Background
Cerebral palsy (CP) is the most common cause of physical disability in childhood with an incidence of 2.11 per 1000 live births [
1]. It describes a “group of permanent disorders of the development of movement and posture, causing activity limitations that are attributed to non-progressive disturbances that occurred in the developing fetal or infant brain” [
2]. In 2013, the Australian Cerebral Palsy Register reported that 71% of children with CP achieved ambulation and 91% were classified with spasticity as the predominant motor type.
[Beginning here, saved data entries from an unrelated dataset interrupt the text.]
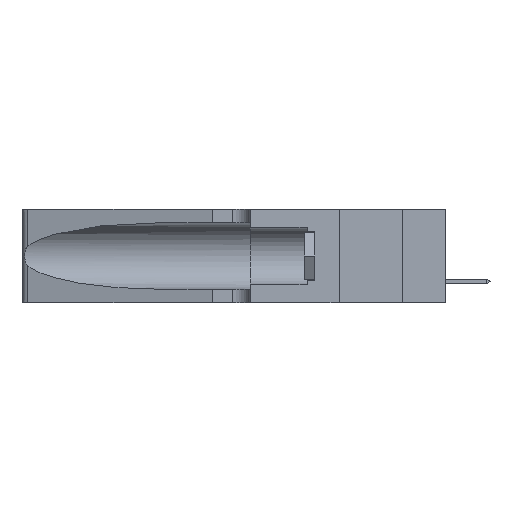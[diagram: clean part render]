
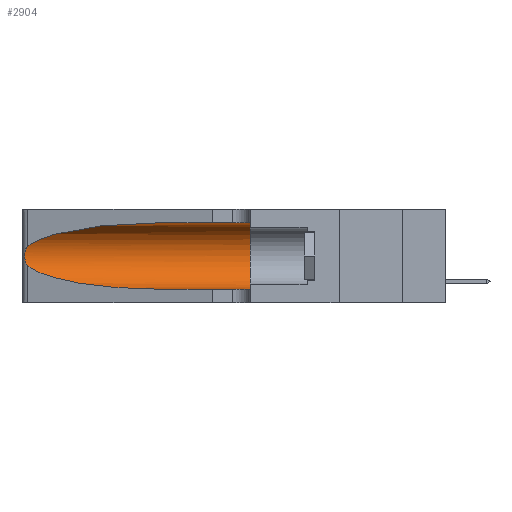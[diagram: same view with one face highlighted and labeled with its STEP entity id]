
A CAD part, left-side view. The second image highlights one B-rep face of the part: STEP entity #2904.
In plain terms, the highlighted cylindrical face has radius 3.308 mm (diameter 6.617 mm), a partial arc.
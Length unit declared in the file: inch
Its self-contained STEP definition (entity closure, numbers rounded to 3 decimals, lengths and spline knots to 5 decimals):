
#1565 = CARTESIAN_POINT ( 'NONE',  ( 0.1305, 0.72297, 0.05475 ) ) ;
#1806 =( BOUNDED_CURVE ( )  B_SPLINE_CURVE ( 3, ( #15922, #7930, #4849, #1565 ),
 .UNSPECIFIED., .F., .F. ) 
 B_SPLINE_CURVE_WITH_KNOTS ( ( 4, 4 ),
 ( 3.44316, 4.71239 ),
 .UNSPECIFIED. ) 
 CURVE ( )  GEOMETRIC_REPRESENTATION_ITEM ( )  RATIONAL_B_SPLINE_CURVE ( ( 1., 0.87, 0.87, 1. ) ) 
 REPRESENTATION_ITEM ( '' )  );
#1925 = DIRECTION ( 'NONE',  ( 0., -1., 0. ) ) ;
#2475 = CARTESIAN_POINT ( 'NONE',  ( 0.1305, 0.72297, 0.31525 ) ) ;
#2904 = ADVANCED_FACE ( 'NONE', ( #14720 ), #3660, .F. ) ;
#3432 = VERTEX_POINT ( 'NONE', #2475 ) ;
#3660 = CYLINDRICAL_SURFACE ( 'NONE', #4043, 0.13025 ) ;
#4043 = AXIS2_PLACEMENT_3D ( 'NONE', #17616, #11416, #11757 ) ;
#4239 = ORIENTED_EDGE ( 'NONE', *, *, #12295, .F. ) ;
#4815 = VECTOR ( 'NONE', #1925, 39.37008 ) ;
#4849 = CARTESIAN_POINT ( 'NONE',  ( 0.18966, 0.96281, 0.05475 ) ) ;
#5292 = LINE ( 'NONE', #6443, #4815 ) ;
#5304 = CARTESIAN_POINT ( 'NONE',  ( 0.1305, 0.35, 0.05475 ) ) ;
#5963 = CARTESIAN_POINT ( 'NONE',  ( 0.1305, 1.61858, 0.05475 ) ) ;
#6143 = CARTESIAN_POINT ( 'NONE',  ( 0.18966, 0.96281, 0.31525 ) ) ;
#6443 = CARTESIAN_POINT ( 'NONE',  ( 0.1305, 1.61858, 0.31525 ) ) ;
#6963 = VECTOR ( 'NONE', #20169, 39.37008 ) ;
#7186 = CARTESIAN_POINT ( 'NONE',  ( 0.25789, 1.23486, 0.15765 ) ) ;
#7930 = CARTESIAN_POINT ( 'NONE',  ( 0.2373, 1.15595, 0.08982 ) ) ;
#9192 = ORIENTED_EDGE ( 'NONE', *, *, #12527, .F. ) ;
#9327 = CARTESIAN_POINT ( 'NONE',  ( 0.25555, 1.22994, 0.2215 ) ) ;
#9670 = CARTESIAN_POINT ( 'NONE',  ( 0.25854, 1.2359, 0.20912 ) ) ;
#9834 = EDGE_CURVE ( 'NONE', #3432, #18851, #20234, .T. ) ;
#10360 = DIRECTION ( 'NONE',  ( 0., 1., 0. ) ) ;
#10385 = B_SPLINE_CURVE_WITH_KNOTS ( 'NONE', 3,
 ( #15648, #9327, #15444, #19018, #9670, #14385, #11085, #16194, #17857, #10608, #7186, #11985, #16587, #16782 ),
 .UNSPECIFIED., .F., .F.,
 ( 4, 2, 2, 2, 2, 2, 4 ),
 ( 0., 0.00027, 0.00053, 0.00107, 0.0016, 0.00187, 0.00214 ),
 .UNSPECIFIED. ) ;
#10497 = CARTESIAN_POINT ( 'NONE',  ( 0.25487, 1.22718, 0.14631 ) ) ;
#10608 = CARTESIAN_POINT ( 'NONE',  ( 0.25856, 1.23593, 0.16098 ) ) ;
#10870 = CARTESIAN_POINT ( 'NONE',  ( 0.25487, 1.22718, 0.22369 ) ) ;
#11085 = CARTESIAN_POINT ( 'NONE',  ( 0.26075, 1.23896, 0.19203 ) ) ;
#11217 = LINE ( 'NONE', #5963, #6963 ) ;
#11416 = DIRECTION ( 'NONE',  ( 0., -1., 0. ) ) ;
#11757 = DIRECTION ( 'NONE',  ( 0., 0., -1. ) ) ;
#11889 = AXIS2_PLACEMENT_3D ( 'NONE', #11954, #10360, #16983 ) ;
#11954 = CARTESIAN_POINT ( 'NONE',  ( 0.1305, 0.35, 0.185 ) ) ;
#11985 = CARTESIAN_POINT ( 'NONE',  ( 0.25639, 1.23186, 0.15144 ) ) ;
#12295 = EDGE_CURVE ( 'NONE', #16650, #16908, #15414, .T. ) ;
#12527 = EDGE_CURVE ( 'NONE', #3432, #16650, #5292, .T. ) ;
#13427 = EDGE_CURVE ( 'NONE', #17098, #14060, #1806, .T. ) ;
#13518 = CARTESIAN_POINT ( 'NONE',  ( 0.1305, 0.35, 0.31525 ) ) ;
#14060 = VERTEX_POINT ( 'NONE', #19539 ) ;
#14385 = CARTESIAN_POINT ( 'NONE',  ( 0.26018, 1.23835, 0.19895 ) ) ;
#14720 = FACE_OUTER_BOUND ( 'NONE', #16157, .T. ) ;
#15290 = ORIENTED_EDGE ( 'NONE', *, *, #9834, .T. ) ;
#15414 = CIRCLE ( 'NONE', #11889, 0.13025 ) ;
#15444 = CARTESIAN_POINT ( 'NONE',  ( 0.25639, 1.23184, 0.21858 ) ) ;
#15509 = CARTESIAN_POINT ( 'NONE',  ( 0.1305, 0.72297, 0.31525 ) ) ;
#15648 = CARTESIAN_POINT ( 'NONE',  ( 0.25487, 1.22718, 0.22369 ) ) ;
#15922 = CARTESIAN_POINT ( 'NONE',  ( 0.25487, 1.22718, 0.14631 ) ) ;
#16157 = EDGE_LOOP ( 'NONE', ( #15290, #17170, #16520, #18850, #4239, #9192 ) ) ;
#16194 = CARTESIAN_POINT ( 'NONE',  ( 0.26075, 1.23896, 0.178 ) ) ;
#16520 = ORIENTED_EDGE ( 'NONE', *, *, #13427, .T. ) ;
#16587 = CARTESIAN_POINT ( 'NONE',  ( 0.25555, 1.22993, 0.14849 ) ) ;
#16650 = VERTEX_POINT ( 'NONE', #13518 ) ;
#16724 = EDGE_CURVE ( 'NONE', #18851, #17098, #10385, .T. ) ;
#16782 = CARTESIAN_POINT ( 'NONE',  ( 0.25487, 1.22718, 0.14631 ) ) ;
#16908 = VERTEX_POINT ( 'NONE', #5304 ) ;
#16983 = DIRECTION ( 'NONE',  ( 0., 0., 1. ) ) ;
#17098 = VERTEX_POINT ( 'NONE', #10497 ) ;
#17170 = ORIENTED_EDGE ( 'NONE', *, *, #16724, .T. ) ;
#17354 = CARTESIAN_POINT ( 'NONE',  ( 0.25487, 1.22718, 0.22369 ) ) ;
#17616 = CARTESIAN_POINT ( 'NONE',  ( 0.1305, 1.61858, 0.185 ) ) ;
#17857 = CARTESIAN_POINT ( 'NONE',  ( 0.26017, 1.23833, 0.17102 ) ) ;
#18850 = ORIENTED_EDGE ( 'NONE', *, *, #19226, .T. ) ;
#18851 = VERTEX_POINT ( 'NONE', #17354 ) ;
#19018 = CARTESIAN_POINT ( 'NONE',  ( 0.25787, 1.23484, 0.2124 ) ) ;
#19226 = EDGE_CURVE ( 'NONE', #14060, #16908, #11217, .T. ) ;
#19539 = CARTESIAN_POINT ( 'NONE',  ( 0.1305, 0.72297, 0.05475 ) ) ;
#20144 = CARTESIAN_POINT ( 'NONE',  ( 0.2373, 1.15595, 0.28018 ) ) ;
#20169 = DIRECTION ( 'NONE',  ( 0., -1., 0. ) ) ;
#20234 =( BOUNDED_CURVE ( )  B_SPLINE_CURVE ( 3, ( #15509, #6143, #20144, #10870 ),
 .UNSPECIFIED., .F., .F. ) 
 B_SPLINE_CURVE_WITH_KNOTS ( ( 4, 4 ),
 ( 1.5708, 2.84003 ),
 .UNSPECIFIED. ) 
 CURVE ( )  GEOMETRIC_REPRESENTATION_ITEM ( )  RATIONAL_B_SPLINE_CURVE ( ( 1., 0.87, 0.87, 1. ) ) 
 REPRESENTATION_ITEM ( '' )  );

Children with lower limb spasticity often experience a range of impairments including weakness, tightness, reduced motor control and muscle selectivity. These impairments can lead to limitations in functional ability, balance, ambulation and fitness compared to typically developing peers [
3,
4]. Physiotherapy intervention focuses on reducing these impairments and optimising functional, goal-related performance.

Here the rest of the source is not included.